• _Directions_: I would like each line of the data that holds the word "offset" copied out.

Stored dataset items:
════════

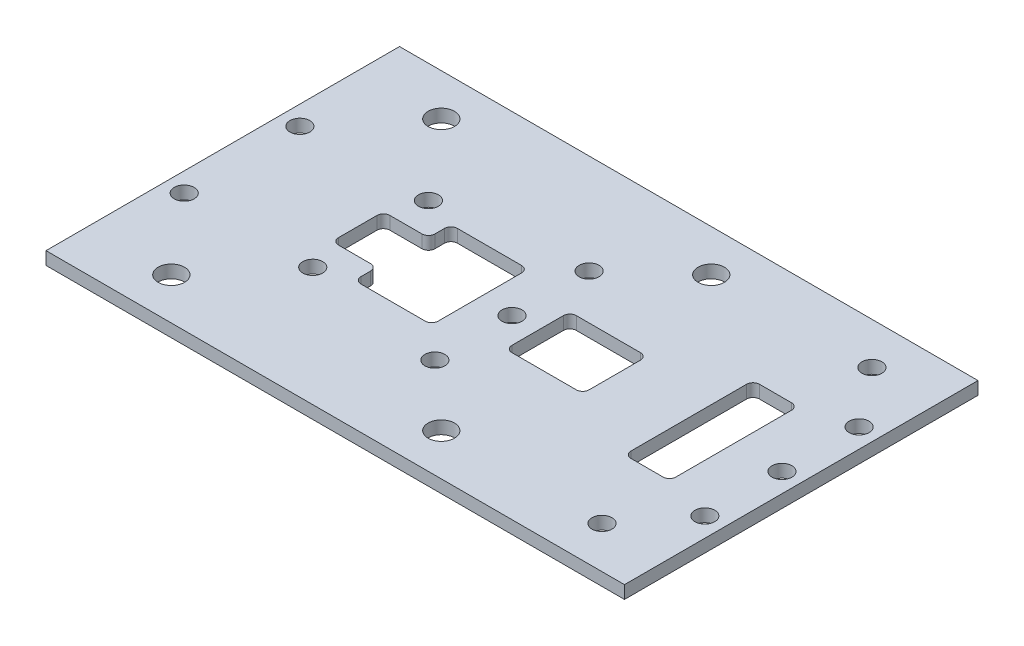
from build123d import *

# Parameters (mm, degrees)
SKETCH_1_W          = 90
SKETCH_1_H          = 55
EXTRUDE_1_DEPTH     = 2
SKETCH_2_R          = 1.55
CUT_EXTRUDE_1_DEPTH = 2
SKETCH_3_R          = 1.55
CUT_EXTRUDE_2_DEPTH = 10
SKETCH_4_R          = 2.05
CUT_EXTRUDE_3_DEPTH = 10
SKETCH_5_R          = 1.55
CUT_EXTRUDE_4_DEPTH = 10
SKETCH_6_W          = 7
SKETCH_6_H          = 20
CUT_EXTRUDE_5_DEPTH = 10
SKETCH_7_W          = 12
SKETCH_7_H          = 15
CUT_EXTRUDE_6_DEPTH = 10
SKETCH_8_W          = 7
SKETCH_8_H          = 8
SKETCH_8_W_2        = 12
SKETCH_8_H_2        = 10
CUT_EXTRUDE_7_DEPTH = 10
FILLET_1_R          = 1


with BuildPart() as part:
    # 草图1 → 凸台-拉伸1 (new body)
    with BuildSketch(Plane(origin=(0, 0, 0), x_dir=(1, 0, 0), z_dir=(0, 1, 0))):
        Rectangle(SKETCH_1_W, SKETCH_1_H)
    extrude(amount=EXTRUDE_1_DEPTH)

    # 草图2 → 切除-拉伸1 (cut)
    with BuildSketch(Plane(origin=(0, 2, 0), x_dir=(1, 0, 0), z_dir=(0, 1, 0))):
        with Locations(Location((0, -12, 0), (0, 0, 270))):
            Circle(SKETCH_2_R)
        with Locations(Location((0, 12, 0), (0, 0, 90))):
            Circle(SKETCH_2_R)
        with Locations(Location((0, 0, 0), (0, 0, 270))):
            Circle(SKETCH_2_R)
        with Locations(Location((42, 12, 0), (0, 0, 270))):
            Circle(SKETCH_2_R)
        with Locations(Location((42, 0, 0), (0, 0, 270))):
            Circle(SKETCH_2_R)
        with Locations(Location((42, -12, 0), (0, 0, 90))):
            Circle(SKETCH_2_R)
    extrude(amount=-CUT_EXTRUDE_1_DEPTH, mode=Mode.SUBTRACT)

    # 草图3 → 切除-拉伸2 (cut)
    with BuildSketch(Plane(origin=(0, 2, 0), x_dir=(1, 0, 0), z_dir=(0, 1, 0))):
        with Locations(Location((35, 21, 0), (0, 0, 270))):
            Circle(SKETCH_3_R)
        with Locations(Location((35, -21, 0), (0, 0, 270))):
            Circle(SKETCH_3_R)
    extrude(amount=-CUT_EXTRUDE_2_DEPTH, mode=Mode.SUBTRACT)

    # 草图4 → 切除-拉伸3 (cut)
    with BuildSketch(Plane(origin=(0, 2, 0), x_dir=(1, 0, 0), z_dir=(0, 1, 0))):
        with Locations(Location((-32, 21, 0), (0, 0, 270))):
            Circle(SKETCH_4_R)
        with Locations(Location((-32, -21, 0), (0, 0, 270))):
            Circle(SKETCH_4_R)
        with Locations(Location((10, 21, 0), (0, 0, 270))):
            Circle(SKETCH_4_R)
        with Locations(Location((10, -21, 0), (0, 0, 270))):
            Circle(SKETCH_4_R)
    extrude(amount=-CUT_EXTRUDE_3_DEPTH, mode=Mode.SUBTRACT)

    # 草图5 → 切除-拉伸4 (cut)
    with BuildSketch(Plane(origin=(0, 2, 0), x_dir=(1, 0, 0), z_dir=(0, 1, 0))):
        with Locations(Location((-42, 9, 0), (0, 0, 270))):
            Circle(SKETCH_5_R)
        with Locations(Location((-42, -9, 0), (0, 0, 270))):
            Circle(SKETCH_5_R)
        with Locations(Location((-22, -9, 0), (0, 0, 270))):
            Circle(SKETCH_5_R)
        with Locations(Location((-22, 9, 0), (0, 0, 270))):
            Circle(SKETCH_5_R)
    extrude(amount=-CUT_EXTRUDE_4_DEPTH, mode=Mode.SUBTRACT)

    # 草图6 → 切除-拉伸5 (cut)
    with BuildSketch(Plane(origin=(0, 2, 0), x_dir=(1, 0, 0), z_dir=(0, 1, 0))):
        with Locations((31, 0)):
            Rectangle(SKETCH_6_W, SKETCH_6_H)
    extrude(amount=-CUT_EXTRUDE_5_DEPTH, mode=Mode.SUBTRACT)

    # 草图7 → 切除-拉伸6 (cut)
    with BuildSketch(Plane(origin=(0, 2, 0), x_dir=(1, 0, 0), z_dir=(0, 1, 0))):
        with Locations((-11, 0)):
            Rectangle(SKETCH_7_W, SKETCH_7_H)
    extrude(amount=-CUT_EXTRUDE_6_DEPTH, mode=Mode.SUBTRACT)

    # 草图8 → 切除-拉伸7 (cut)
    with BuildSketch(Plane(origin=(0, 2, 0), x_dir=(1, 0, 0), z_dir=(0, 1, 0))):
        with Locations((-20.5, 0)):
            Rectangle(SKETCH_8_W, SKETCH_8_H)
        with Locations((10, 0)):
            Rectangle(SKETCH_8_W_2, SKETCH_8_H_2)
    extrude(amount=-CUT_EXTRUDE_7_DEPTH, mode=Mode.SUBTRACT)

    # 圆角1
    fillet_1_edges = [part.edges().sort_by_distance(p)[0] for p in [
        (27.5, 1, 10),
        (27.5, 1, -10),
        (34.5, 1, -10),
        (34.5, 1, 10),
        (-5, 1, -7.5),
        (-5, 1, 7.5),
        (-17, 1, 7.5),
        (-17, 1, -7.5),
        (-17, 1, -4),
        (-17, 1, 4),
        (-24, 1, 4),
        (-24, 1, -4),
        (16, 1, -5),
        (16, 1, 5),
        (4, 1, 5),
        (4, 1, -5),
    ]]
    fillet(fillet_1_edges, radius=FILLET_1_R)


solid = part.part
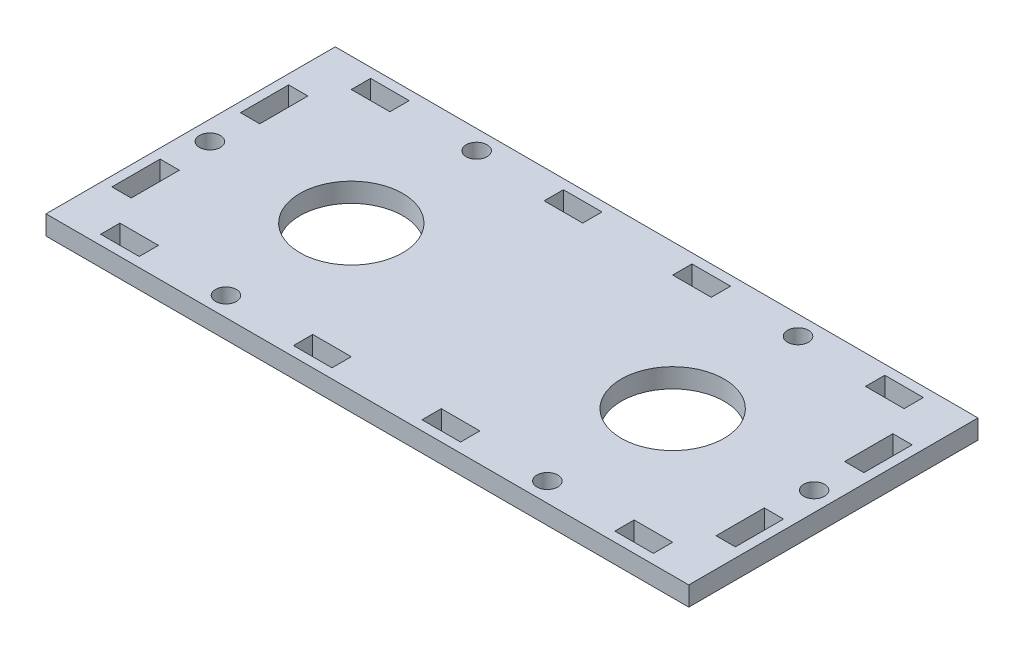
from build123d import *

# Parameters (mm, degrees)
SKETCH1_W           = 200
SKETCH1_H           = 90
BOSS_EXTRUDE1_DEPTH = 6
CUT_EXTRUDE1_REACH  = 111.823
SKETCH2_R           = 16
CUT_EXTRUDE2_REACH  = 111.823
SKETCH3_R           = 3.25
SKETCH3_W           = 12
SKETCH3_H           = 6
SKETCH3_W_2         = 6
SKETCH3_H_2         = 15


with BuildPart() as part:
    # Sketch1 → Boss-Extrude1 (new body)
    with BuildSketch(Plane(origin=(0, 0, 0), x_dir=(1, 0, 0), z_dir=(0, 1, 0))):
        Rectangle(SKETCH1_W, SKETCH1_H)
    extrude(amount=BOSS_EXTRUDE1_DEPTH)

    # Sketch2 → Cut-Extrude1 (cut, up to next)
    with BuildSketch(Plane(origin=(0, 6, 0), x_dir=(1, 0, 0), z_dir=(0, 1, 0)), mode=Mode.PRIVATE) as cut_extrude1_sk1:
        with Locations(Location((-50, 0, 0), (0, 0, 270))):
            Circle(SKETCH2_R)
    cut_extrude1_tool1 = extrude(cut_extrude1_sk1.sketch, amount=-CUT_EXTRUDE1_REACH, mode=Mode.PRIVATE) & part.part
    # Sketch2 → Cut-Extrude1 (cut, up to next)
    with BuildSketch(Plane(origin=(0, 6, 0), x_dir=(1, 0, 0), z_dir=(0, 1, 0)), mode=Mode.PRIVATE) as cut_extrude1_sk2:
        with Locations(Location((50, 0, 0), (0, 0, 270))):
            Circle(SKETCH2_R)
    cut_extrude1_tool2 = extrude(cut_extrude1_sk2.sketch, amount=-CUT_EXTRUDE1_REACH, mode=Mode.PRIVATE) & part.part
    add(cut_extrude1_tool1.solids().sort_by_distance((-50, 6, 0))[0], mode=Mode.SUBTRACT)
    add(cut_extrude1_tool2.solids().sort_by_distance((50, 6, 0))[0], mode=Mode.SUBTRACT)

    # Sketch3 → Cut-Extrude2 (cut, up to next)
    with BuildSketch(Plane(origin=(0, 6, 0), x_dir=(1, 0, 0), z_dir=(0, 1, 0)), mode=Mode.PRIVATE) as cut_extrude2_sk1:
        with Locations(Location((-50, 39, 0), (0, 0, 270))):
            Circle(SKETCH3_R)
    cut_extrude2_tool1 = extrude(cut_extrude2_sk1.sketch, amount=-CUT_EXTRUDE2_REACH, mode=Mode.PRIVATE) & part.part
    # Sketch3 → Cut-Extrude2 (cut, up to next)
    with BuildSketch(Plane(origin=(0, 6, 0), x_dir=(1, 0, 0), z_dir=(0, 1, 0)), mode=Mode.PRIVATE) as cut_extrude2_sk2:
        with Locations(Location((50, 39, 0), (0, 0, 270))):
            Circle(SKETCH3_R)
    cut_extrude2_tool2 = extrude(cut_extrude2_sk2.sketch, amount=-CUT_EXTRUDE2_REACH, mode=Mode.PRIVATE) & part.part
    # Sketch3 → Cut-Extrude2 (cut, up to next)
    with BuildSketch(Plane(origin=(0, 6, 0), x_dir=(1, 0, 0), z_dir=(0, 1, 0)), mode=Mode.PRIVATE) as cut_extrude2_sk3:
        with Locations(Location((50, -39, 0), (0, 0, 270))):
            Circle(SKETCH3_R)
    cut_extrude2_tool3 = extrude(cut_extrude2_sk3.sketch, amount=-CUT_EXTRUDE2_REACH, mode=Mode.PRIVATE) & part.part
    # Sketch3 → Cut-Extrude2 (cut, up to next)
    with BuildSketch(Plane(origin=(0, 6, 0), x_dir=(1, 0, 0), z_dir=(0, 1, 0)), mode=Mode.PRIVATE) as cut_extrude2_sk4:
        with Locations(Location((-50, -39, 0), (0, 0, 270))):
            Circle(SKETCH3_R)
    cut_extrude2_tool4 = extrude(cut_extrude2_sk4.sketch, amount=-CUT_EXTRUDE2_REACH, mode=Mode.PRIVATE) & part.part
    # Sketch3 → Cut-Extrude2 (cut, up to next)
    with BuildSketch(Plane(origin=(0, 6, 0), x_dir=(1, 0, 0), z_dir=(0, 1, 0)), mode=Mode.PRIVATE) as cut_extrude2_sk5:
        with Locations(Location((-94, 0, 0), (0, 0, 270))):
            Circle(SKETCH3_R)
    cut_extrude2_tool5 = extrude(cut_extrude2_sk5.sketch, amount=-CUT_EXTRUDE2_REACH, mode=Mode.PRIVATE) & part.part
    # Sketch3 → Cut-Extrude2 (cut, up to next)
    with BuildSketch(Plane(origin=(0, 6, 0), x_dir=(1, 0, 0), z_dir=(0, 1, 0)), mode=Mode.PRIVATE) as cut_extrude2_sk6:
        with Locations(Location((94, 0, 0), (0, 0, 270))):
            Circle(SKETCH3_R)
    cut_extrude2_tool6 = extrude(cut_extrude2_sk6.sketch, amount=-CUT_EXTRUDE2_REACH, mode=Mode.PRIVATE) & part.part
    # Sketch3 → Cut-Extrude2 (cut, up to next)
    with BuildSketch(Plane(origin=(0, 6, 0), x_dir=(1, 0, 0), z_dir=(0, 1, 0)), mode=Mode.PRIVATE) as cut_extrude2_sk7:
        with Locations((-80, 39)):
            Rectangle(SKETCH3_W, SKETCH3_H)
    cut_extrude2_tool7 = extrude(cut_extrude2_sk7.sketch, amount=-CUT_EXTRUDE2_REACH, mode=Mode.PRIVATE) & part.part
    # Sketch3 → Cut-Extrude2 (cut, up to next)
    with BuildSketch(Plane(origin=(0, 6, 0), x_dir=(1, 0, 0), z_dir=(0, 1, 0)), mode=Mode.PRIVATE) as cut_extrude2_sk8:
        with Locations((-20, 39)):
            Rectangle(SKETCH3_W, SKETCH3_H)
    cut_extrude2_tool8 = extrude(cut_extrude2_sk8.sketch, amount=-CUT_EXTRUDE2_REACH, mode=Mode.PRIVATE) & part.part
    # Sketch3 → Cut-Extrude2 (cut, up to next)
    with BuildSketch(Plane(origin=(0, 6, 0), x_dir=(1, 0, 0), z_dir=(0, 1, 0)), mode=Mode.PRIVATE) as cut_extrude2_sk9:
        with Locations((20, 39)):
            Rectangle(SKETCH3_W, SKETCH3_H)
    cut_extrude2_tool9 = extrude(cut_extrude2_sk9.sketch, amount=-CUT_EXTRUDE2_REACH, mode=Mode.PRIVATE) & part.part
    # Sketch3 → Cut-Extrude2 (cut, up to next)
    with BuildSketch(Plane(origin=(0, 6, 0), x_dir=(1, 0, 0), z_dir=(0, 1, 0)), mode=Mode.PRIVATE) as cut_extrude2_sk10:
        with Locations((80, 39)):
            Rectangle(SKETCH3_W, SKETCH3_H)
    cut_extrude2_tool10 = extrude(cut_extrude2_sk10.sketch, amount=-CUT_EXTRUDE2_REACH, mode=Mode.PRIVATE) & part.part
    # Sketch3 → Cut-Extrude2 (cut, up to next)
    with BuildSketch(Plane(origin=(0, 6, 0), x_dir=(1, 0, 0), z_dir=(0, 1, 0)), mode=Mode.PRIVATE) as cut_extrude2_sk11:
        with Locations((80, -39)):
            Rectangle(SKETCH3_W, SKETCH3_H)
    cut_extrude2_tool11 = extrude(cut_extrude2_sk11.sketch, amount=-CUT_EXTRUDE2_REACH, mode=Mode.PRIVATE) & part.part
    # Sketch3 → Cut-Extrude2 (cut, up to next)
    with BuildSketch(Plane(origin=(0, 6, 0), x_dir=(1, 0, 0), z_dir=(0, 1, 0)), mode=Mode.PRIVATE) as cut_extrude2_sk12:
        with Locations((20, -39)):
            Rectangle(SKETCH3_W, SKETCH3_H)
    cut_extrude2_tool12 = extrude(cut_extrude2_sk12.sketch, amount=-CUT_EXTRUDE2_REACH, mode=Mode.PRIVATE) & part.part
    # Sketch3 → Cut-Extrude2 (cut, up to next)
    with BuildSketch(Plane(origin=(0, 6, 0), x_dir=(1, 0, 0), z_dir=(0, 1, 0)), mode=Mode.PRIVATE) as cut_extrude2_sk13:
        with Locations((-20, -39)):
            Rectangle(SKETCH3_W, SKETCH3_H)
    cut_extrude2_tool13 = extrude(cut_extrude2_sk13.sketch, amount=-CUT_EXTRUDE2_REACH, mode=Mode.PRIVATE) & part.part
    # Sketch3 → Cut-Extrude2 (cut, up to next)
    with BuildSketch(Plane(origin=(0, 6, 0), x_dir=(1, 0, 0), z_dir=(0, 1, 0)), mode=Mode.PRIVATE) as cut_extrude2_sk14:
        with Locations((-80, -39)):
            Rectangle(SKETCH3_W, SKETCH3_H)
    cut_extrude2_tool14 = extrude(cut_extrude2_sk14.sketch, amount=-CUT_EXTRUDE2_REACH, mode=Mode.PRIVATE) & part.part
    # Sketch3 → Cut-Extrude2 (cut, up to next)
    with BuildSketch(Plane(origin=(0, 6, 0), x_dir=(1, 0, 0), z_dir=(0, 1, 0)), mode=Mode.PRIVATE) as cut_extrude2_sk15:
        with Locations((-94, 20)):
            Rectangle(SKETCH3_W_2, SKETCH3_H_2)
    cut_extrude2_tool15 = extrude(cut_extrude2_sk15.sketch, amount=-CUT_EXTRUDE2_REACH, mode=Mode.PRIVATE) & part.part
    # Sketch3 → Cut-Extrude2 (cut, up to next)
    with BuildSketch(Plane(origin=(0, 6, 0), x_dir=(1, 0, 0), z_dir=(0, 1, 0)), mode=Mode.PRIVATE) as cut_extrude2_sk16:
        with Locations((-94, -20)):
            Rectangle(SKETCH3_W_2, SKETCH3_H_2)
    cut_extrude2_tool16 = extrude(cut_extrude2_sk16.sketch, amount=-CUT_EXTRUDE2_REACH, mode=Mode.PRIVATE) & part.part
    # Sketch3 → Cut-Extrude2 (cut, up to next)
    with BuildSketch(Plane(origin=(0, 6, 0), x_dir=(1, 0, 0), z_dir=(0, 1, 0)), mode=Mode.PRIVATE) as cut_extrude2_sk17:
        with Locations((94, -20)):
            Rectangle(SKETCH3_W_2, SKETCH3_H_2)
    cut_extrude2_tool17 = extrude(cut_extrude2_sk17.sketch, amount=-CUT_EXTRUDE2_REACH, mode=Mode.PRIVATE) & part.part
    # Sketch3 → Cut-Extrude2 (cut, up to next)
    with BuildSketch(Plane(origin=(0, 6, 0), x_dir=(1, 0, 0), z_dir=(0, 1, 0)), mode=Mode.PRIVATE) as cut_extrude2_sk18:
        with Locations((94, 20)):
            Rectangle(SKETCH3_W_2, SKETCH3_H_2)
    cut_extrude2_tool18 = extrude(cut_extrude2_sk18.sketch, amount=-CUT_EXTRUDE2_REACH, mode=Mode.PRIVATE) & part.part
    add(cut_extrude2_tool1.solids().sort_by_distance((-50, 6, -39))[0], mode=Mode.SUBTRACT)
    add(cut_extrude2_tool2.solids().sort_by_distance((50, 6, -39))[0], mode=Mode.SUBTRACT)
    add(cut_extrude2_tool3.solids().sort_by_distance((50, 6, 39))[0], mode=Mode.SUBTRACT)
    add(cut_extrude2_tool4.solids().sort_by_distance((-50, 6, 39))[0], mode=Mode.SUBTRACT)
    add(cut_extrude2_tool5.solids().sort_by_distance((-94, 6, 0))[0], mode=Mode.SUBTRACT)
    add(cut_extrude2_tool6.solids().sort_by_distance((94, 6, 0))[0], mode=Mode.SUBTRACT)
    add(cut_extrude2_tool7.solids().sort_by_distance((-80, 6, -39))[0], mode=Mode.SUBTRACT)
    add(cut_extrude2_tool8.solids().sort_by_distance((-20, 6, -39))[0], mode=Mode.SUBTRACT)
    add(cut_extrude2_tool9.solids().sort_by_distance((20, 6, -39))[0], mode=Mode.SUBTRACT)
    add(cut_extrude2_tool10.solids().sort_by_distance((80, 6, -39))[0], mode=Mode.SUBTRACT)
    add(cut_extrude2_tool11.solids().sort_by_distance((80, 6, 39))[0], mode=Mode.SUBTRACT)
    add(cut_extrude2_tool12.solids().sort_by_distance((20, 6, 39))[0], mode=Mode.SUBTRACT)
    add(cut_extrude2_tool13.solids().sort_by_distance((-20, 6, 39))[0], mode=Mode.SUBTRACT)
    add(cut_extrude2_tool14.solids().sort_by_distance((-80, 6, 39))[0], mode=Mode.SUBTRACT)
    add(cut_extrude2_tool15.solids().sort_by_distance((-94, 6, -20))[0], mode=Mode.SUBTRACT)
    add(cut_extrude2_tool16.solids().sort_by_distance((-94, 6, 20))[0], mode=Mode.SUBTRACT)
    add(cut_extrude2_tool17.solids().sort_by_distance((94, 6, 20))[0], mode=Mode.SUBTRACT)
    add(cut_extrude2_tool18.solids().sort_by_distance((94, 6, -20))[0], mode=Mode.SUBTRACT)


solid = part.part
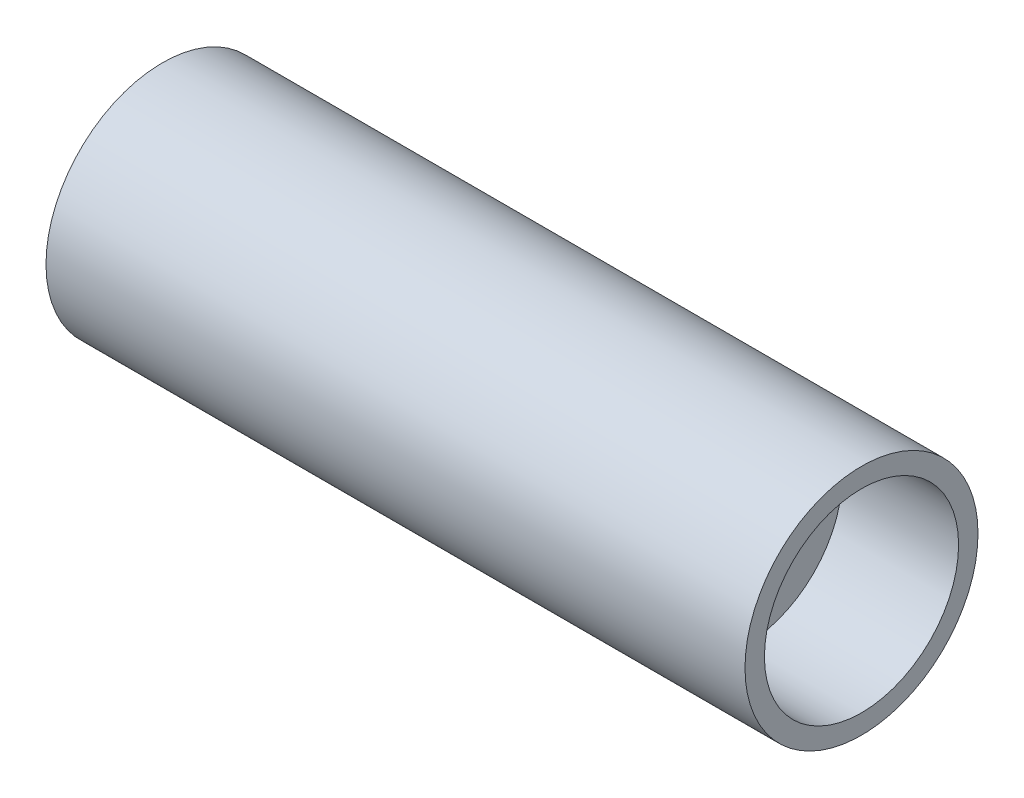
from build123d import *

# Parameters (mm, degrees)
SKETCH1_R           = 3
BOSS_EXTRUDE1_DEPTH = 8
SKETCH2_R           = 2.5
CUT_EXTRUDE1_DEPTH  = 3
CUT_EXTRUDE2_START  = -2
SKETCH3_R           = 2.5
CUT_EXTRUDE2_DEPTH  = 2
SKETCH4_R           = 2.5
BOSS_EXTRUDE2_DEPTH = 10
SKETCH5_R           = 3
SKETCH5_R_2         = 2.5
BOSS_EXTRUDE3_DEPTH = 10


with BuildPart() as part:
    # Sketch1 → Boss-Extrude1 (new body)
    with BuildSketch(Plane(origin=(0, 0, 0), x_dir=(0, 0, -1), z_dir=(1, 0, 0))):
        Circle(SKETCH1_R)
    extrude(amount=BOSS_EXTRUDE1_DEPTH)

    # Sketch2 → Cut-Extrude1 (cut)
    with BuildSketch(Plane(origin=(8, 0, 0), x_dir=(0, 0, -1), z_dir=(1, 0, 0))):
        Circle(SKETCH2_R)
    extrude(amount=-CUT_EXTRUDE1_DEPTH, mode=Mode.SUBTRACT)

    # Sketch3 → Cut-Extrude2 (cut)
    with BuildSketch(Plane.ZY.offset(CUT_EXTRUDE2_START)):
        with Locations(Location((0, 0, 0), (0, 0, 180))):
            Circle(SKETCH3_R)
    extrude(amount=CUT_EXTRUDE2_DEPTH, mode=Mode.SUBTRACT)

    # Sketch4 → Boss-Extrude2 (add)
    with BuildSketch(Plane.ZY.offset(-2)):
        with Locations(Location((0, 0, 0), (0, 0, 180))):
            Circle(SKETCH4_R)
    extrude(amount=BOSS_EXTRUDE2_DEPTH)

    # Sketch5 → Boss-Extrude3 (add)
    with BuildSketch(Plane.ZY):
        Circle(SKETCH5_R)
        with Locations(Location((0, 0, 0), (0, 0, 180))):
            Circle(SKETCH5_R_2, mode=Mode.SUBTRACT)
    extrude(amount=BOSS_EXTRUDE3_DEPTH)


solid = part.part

════════

• _Output for this task_:
    with BuildSketch(Plane.ZY.offset(CUT_EXTRUDE2_START)):
    with BuildSketch(Plane.ZY.offset(-2)):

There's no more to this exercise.